# looking to start a demasoni species tank



## mjzuverink (Dec 6, 2009)

hey all, im in the planning stages of a Phuedotropheus P. Demasoni species only tank. I think im gonna go witha 75 gallon tank. I just want this to be an open discussion on how this tank should be set up or some cool ideas. for instance type of filtration? number of fish? substrate? lighting? decor? ( i have been debating wether or not to try and do a DIY rock backround) anyways, I'm eager to see what kinds of ideas you guys have!


----------



## emc7 (Jul 23, 2005)

Pseudotropheus. Use double or triple filtration, decor should be rocks (or fake rocks like cichlid stones or lok-rocks).
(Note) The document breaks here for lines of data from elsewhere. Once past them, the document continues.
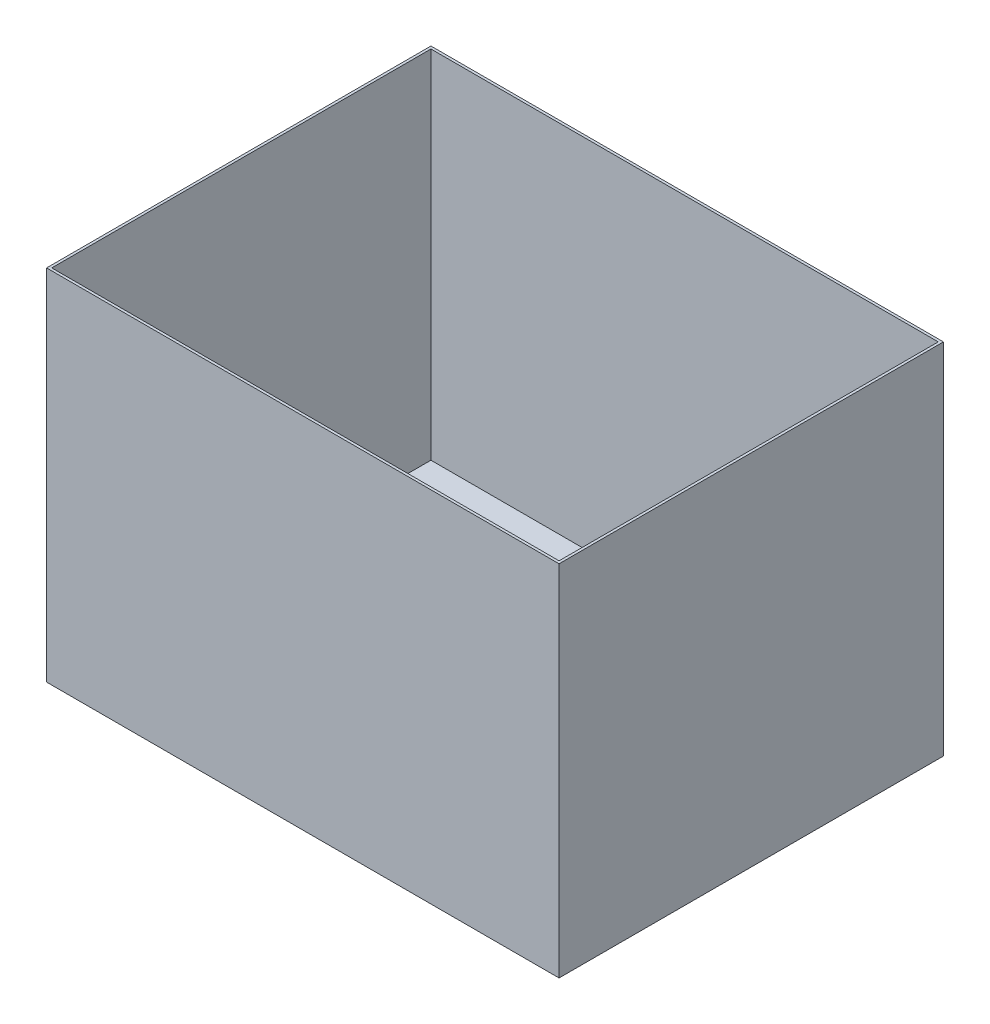
from build123d import *

# Parameters (mm, degrees)
SKETCH_1_W        = 400
SKETCH_1_H        = 300
EXTRUDE_282_DEPTH = 2
SKETCH_1_3_W      = 400
SKETCH_1_3_H      = 300
SKETCH_1_3_W_2    = 396
SKETCH_1_3_H_2    = 296
EXTRUDE_337_DEPTH = 280


with BuildPart() as part:
    # 草图1 → Extrude 282 (new body)
    with BuildSketch(Plane(origin=(0, 0, 0), x_dir=(1, 0, 0), z_dir=(0, 1, 0))):
        Rectangle(SKETCH_1_W, SKETCH_1_H)
    extrude(amount=EXTRUDE_282_DEPTH)

    # 草图1<3> → Extrude 337 (add)
    with BuildSketch(Plane(origin=(0, 0, 0), x_dir=(1, 0, 0), z_dir=(0, 1, 0))):
        Rectangle(SKETCH_1_3_W, SKETCH_1_3_H)
        Rectangle(SKETCH_1_3_W_2, SKETCH_1_3_H_2, mode=Mode.SUBTRACT)
    extrude(amount=EXTRUDE_337_DEPTH)


solid = part.part
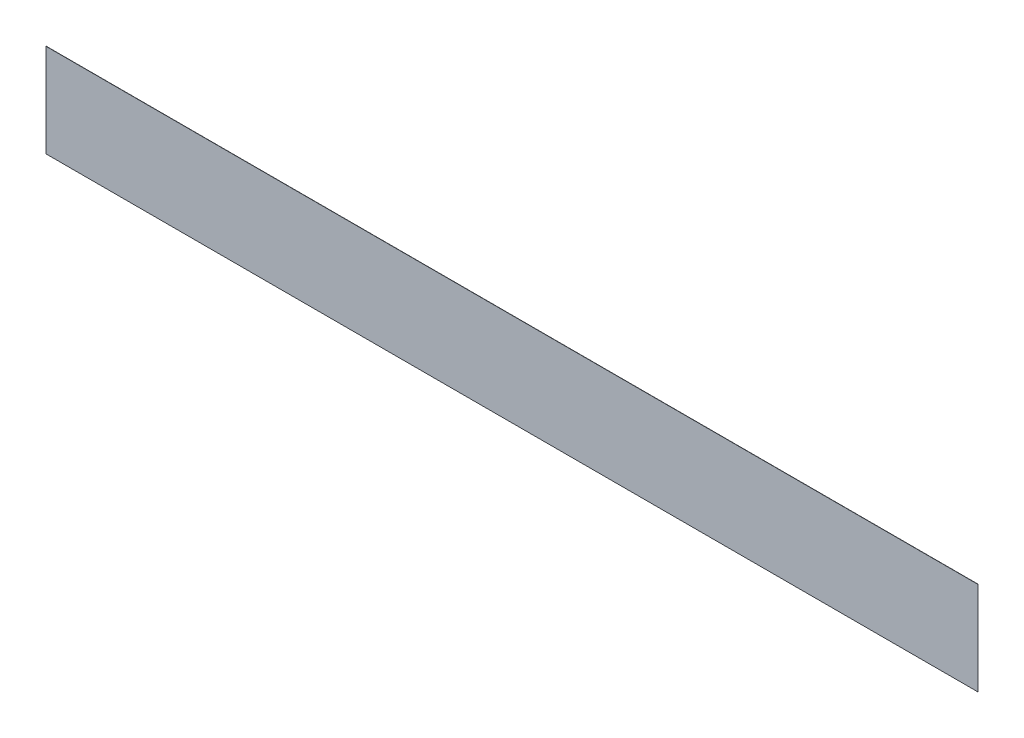
from build123d import *

# Parameters (mm, degrees)
SKETCH1_W           = 20000
SKETCH1_H           = 2000
BOSS_EXTRUDE1_DEPTH = 5


with BuildPart() as part:
    # Sketch1 → Boss-Extrude1 (new body)
    with BuildSketch(Plane.XY):
        with Locations((9950, 0)):
            Rectangle(SKETCH1_W, SKETCH1_H)
    extrude(amount=BOSS_EXTRUDE1_DEPTH)


solid = part.part
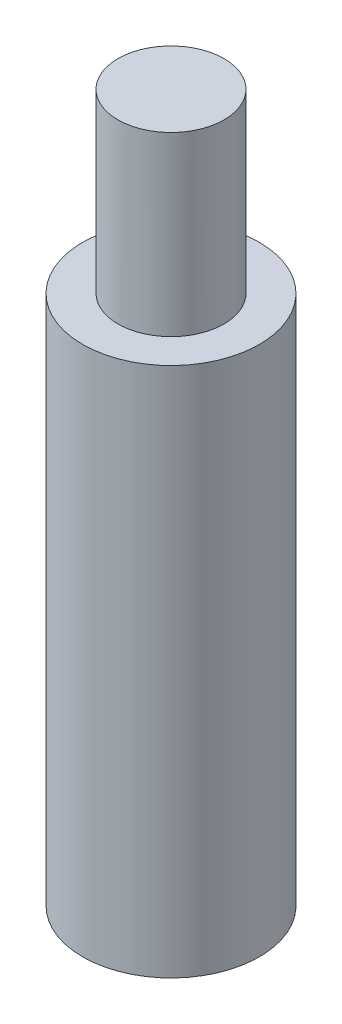
from build123d import *

# Parameters (mm, degrees)
SKETCH_1_R      = 1.5
EXTRUDE_1_DEPTH = 5
SKETCH_2_R      = 2.5
EXTRUDE_2_DEPTH = 15


with BuildPart() as part:
    # 草图1 → 凸台-拉伸1 (new body)
    with BuildSketch(Plane(origin=(0, 0, 0), x_dir=(1, 0, 0), z_dir=(0, 1, 0))):
        with Locations(Location((0, 0, 0), (0, 0, 270))):
            Circle(SKETCH_1_R)
    extrude(amount=EXTRUDE_1_DEPTH)

    # 草图2 → 凸台-拉伸2 (add)
    with BuildSketch(Plane.XZ):
        with Locations(Location((0, 0, 0), (0, 0, 270))):
            Circle(SKETCH_2_R)
    extrude(amount=EXTRUDE_2_DEPTH)


solid = part.part
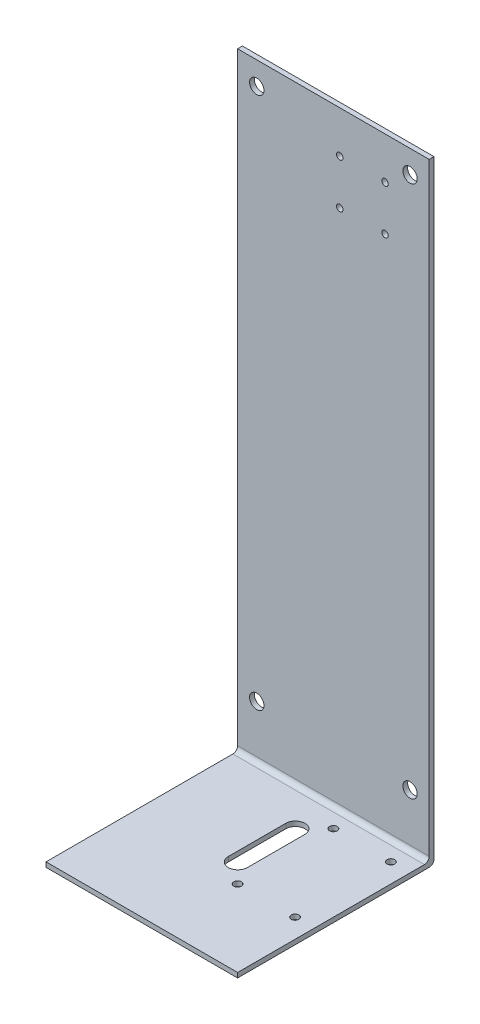
from build123d import *

# Parameters (mm, degrees)
SKETCH2_W           = 127
SKETCH2_H           = 406.4
BOSS_EXTRUDE1_DEPTH = 3.175
SKETCH3_W           = 127
SKETCH3_H           = 3.175
BOSS_EXTRUDE2_DEPTH = 127
FILLET1_R           = 3.175
SKETCH4_R           = 2.54
CUT_EXTRUDE1_DEPTH  = 429.448574802
SKETCH5_R           = 4.7625
SKETCH5_R_2         = 2.15
CUT_EXTRUDE2_DEPTH  = 248.894110458


with BuildPart() as part:
    # Sketch2 → Boss-Extrude1 (new body)
    with BuildSketch(Plane.XY):
        Rectangle(SKETCH2_W, SKETCH2_H)
    extrude(amount=BOSS_EXTRUDE1_DEPTH)

    # Sketch3 → Boss-Extrude2 (add)
    with BuildSketch(Plane.XY.offset(3.175)):
        with Locations((0, -201.6125)):
            Rectangle(SKETCH3_W, SKETCH3_H)
    extrude(amount=BOSS_EXTRUDE2_DEPTH)

    # Fillet1
    fillet1_edges = [part.edges().sort_by_distance(p)[0] for p in [
        (0, -200.025, 3.175),
        (0, -203.2, 0),
    ]]
    fillet(fillet1_edges, radius=FILLET1_R)

    # Sketch4 → Cut-Extrude1 (cut, through all)
    with BuildSketch(Plane(origin=(0, -200.025, 0), x_dir=(1, 0, 0), z_dir=(0, 1, 0))):
        with BuildLine():
            ThreePointArc((-6.167107762, -66.675), (0.182892238, -73.025), (6.532892238, -66.675))
            Line((6.532892238, -66.675), (6.532892238, -28.575))
            ThreePointArc((6.532892238, -28.575), (0.182892238, -22.225), (-6.167107762, -28.575))
            Line((-6.167107762, -28.575), (-6.167107762, -66.675))
        make_face()
        with Locations(Location((12.7, -79.375, 0), (0, 0, 270))):
            Circle(SKETCH4_R)
        with Locations(Location((50.8, -79.375, 0), (0, 0, 270))):
            Circle(SKETCH4_R)
        with Locations(Location((50.8, -15.875, 0), (0, 0, 270))):
            Circle(SKETCH4_R)
        with Locations(Location((12.7, -15.875, 0), (0, 0, 270))):
            Circle(SKETCH4_R)
    extrude(amount=-CUT_EXTRUDE1_DEPTH, mode=Mode.SUBTRACT)

    # Sketch5 → Cut-Extrude2 (cut, through all)
    with BuildSketch(Plane.XY.offset(3.175)):
        with Locations((-50.8, 187.96)):
            Circle(SKETCH5_R)
        with Locations((50.8, 187.96)):
            Circle(SKETCH5_R)
        with Locations((-50.8, -165.1)):
            Circle(SKETCH5_R)
        with Locations((50.8, -165.1)):
            Circle(SKETCH5_R)
        with Locations((34.20875, 175.39)):
            Circle(SKETCH5_R_2)
        with Locations((4.20875, 175.39)):
            Circle(SKETCH5_R_2)
        with Locations((4.20875, 145.69)):
            Circle(SKETCH5_R_2)
        with Locations((34.20875, 145.69)):
            Circle(SKETCH5_R_2)
    extrude(amount=-CUT_EXTRUDE2_DEPTH, mode=Mode.SUBTRACT)


solid = part.part
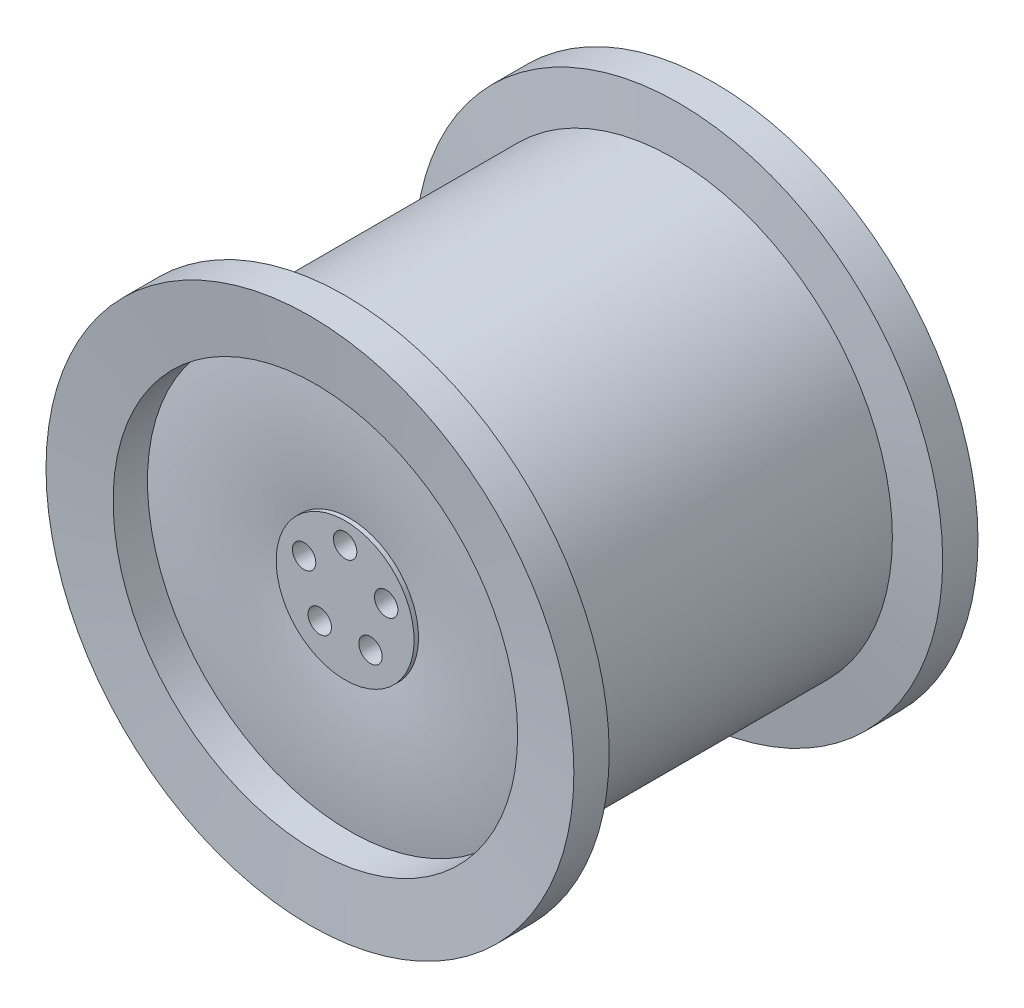
from build123d import *

# Parameters (mm, degrees)
SKETCH8_R           = 12.445803737
BOSS_EXTRUDE2_DEPTH = 7.961436264
SKETCH10_R          = 2.110408374
CUT_EXTRUDE1_DEPTH  = 137.414


with BuildPart() as part:
    # Sketch3 → Revolve2 (revolve)
    with BuildSketch(Plane(origin=(0, 0, 0), x_dir=(0, 0, -1), z_dir=(1, 0, 0)), mode=Mode.PRIVATE) as revolve2_sk:
        Polygon((29.100336298, 44.026196045), (-29.100336298, 44.026196045), (-30.085520968, 52.11445688), (-36.460084033, 52.11445688), (-35.478243613, 40.988977361), (35.478243613, 40.988977361), (36.460084033, 52.11445688), (30.085520968, 52.11445688), align=None)
    revolve(revolve2_sk.sketch.rotate(Axis((0, 4.491617138, 34.868994977), (0, 0, -1)), 90), axis=Axis((0, 4.491617138, 34.868994977), (0, 0, -1)))



with BuildPart() as body_2:
    # Sketch8 → Boss-Extrude2 (new body)
    with BuildSketch(Plane.XY.offset(22.147154131)):
        with Locations((0, 4.491617138)):
            Circle(SKETCH8_R)
    extrude(amount=BOSS_EXTRUDE2_DEPTH)

    # Sketch10 → Cut-Extrude1 (cut)
    with BuildSketch(Plane.XY.offset(40.64)):
        with Locations((0, 13.095758201)):
            Circle(SKETCH10_R)
        with Locations((7.407159638, 7.714141713)):
            Circle(SKETCH10_R)
        with Locations((4.577876416, -0.99349668)):
            Circle(SKETCH10_R)
        with Locations((-4.577876416, -0.99349668)):
            Circle(SKETCH10_R)
        with Locations((-7.407159638, 7.714141713)):
            Circle(SKETCH10_R)
    extrude(amount=-CUT_EXTRUDE1_DEPTH, mode=Mode.SUBTRACT)


with BuildPart() as part_1:
    add(part.part)

    add(body_2.part)  # Revolve4 merges body 2
    # Sketch12 → Revolve4 (revolve)
    with BuildSketch(Plane(origin=(0, 0, 0), x_dir=(0, 0, -1), z_dir=(1, 0, 0)), mode=Mode.PRIVATE) as revolve4_sk:
        with BuildLine():
            Line((-29.100336298, 42.19314735), (-26.54142097, 42.19314735))
            add(Edge.make_bspline(
                [(-26.54142097, 42.19314735), (-29.106417972, 28.876495724), (-26.54142097, 15.583923694)],
                knots=[0, 0, 0, 1, 1, 1], degree=2))
            Line((-26.54142097, 15.583923694), (-29.100336298, 15.583923694))
            add(Edge.make_bspline(
                [(-29.100336298, 42.19314735), (-31.192110403, 28.880503774), (-29.100336298, 15.583923694)],
                knots=[0, 0, 0, 1, 1, 1], degree=2))
        make_face()
    revolve(revolve4_sk.sketch.rotate(Axis((0, 4.491617138, 34.868994977), (0, 0, -1)), 90), axis=Axis((0, 4.491617138, 34.868994977), (0, 0, -1)))


solid = part_1.part
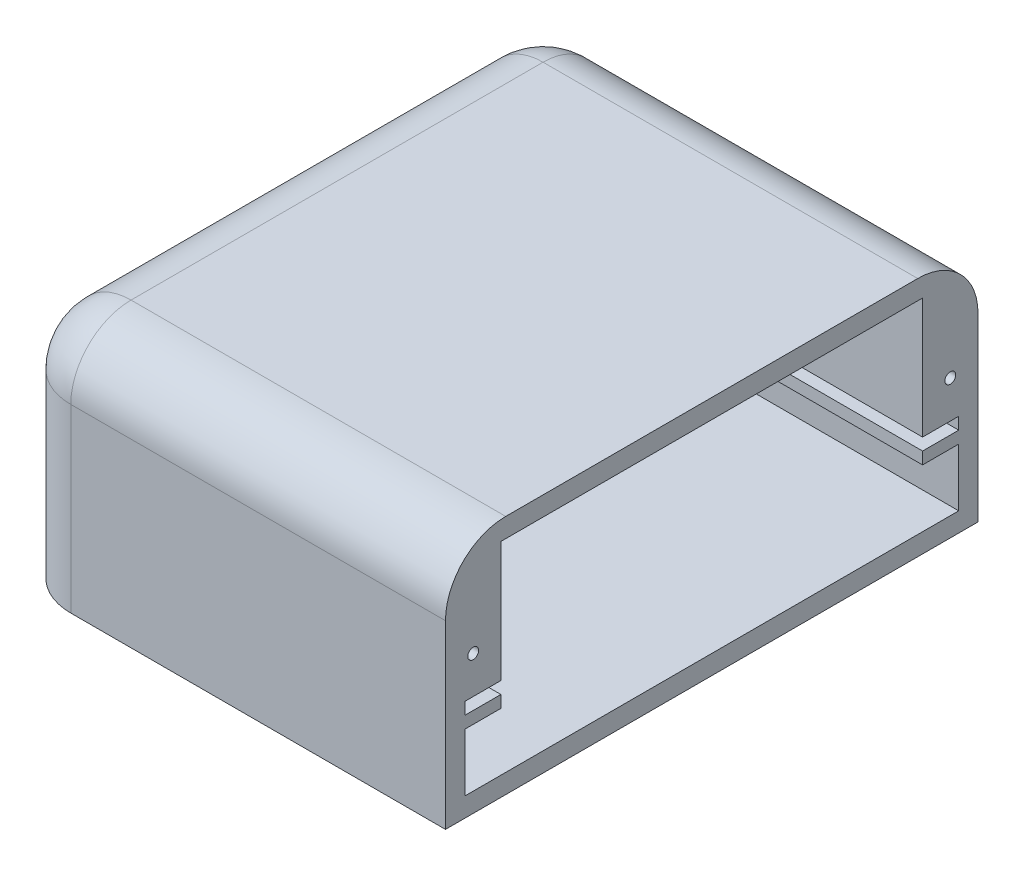
from build123d import *

# Parameters (mm, degrees)
SKETCH1_W           = 72.2
SKETCH1_H           = 88.4
BOSS_EXTRUDE1_DEPTH = 40
CUT_EXTRUDE4_DEPTH  = 69
FILLET1_R           = 10
SKETCH3_R           = 0.9
CUT_EXTRUDE5_DEPTH  = 20


with BuildPart() as part:
    # Sketch1 → Boss-Extrude1 (new body)
    with BuildSketch(Plane(origin=(0, 0, 0), x_dir=(1, 0, 0), z_dir=(0, 1, 0))):
        with Locations((36.1, 44.2)):
            Rectangle(SKETCH1_W, SKETCH1_H)
    extrude(amount=BOSS_EXTRUDE1_DEPTH)

    # Sketch2 → Cut-Extrude4 (cut)
    with BuildSketch(Plane(origin=(72.2, 0, 0), x_dir=(0, 0, -1), z_dir=(1, 0, 0))):
        Polygon((3.2, 12.8), (3.2, 3.2), (85.2, 3.2), (85.2, 12.8), (79.2, 12.8), (79.2, 14.8), (85.2, 14.8), (85.2, 16.8), (79.2, 16.8), (79.2, 36.8), (44.2, 36.8), (9.2, 36.8), (9.2, 16.8), (3.2, 16.8), (3.2, 14.8), (9.2, 14.8), (9.2, 12.8), align=None)
    extrude(amount=-CUT_EXTRUDE4_DEPTH, mode=Mode.SUBTRACT)

    # Fillet1
    fillet1_edges = [part.edges().sort_by_distance(p)[0] for p in [
        (36.1, 40, -88.4),
        (0, 40, -44.2),
        (0, 20, -88.4),
        (0, 20, 0),
        (36.1, 40, 0),
    ]]
    fillet(fillet1_edges, radius=FILLET1_R)

    # Sketch3 → Cut-Extrude5 (cut)
    with BuildSketch(Plane(origin=(72.2, 0, 0), x_dir=(0, 0, -1), z_dir=(1, 0, 0))):
        with Locations((4.6, 23)):
            Circle(SKETCH3_R)
        with Locations((83.8, 23)):
            Circle(SKETCH3_R)
    extrude(amount=-CUT_EXTRUDE5_DEPTH, mode=Mode.SUBTRACT)


solid = part.part

Cut up PVC pipe is ugly, but cheap. One 48" light should be fine (you don't need plant lights). Start with 8-10 fish, they will make more.


----------



## rrcoolj (Jun 29, 2009)

emc7 said:


> Pseudotropheus. Use double or triple filtration, decor should be rocks (or fake rocks like cichlid stones or lok-rocks). Cut up PVC pipe is ugly, but cheap. One 48" light should be fine (you don't need plant lights). Start with 8-10 fish, they will make more.


I agree


----------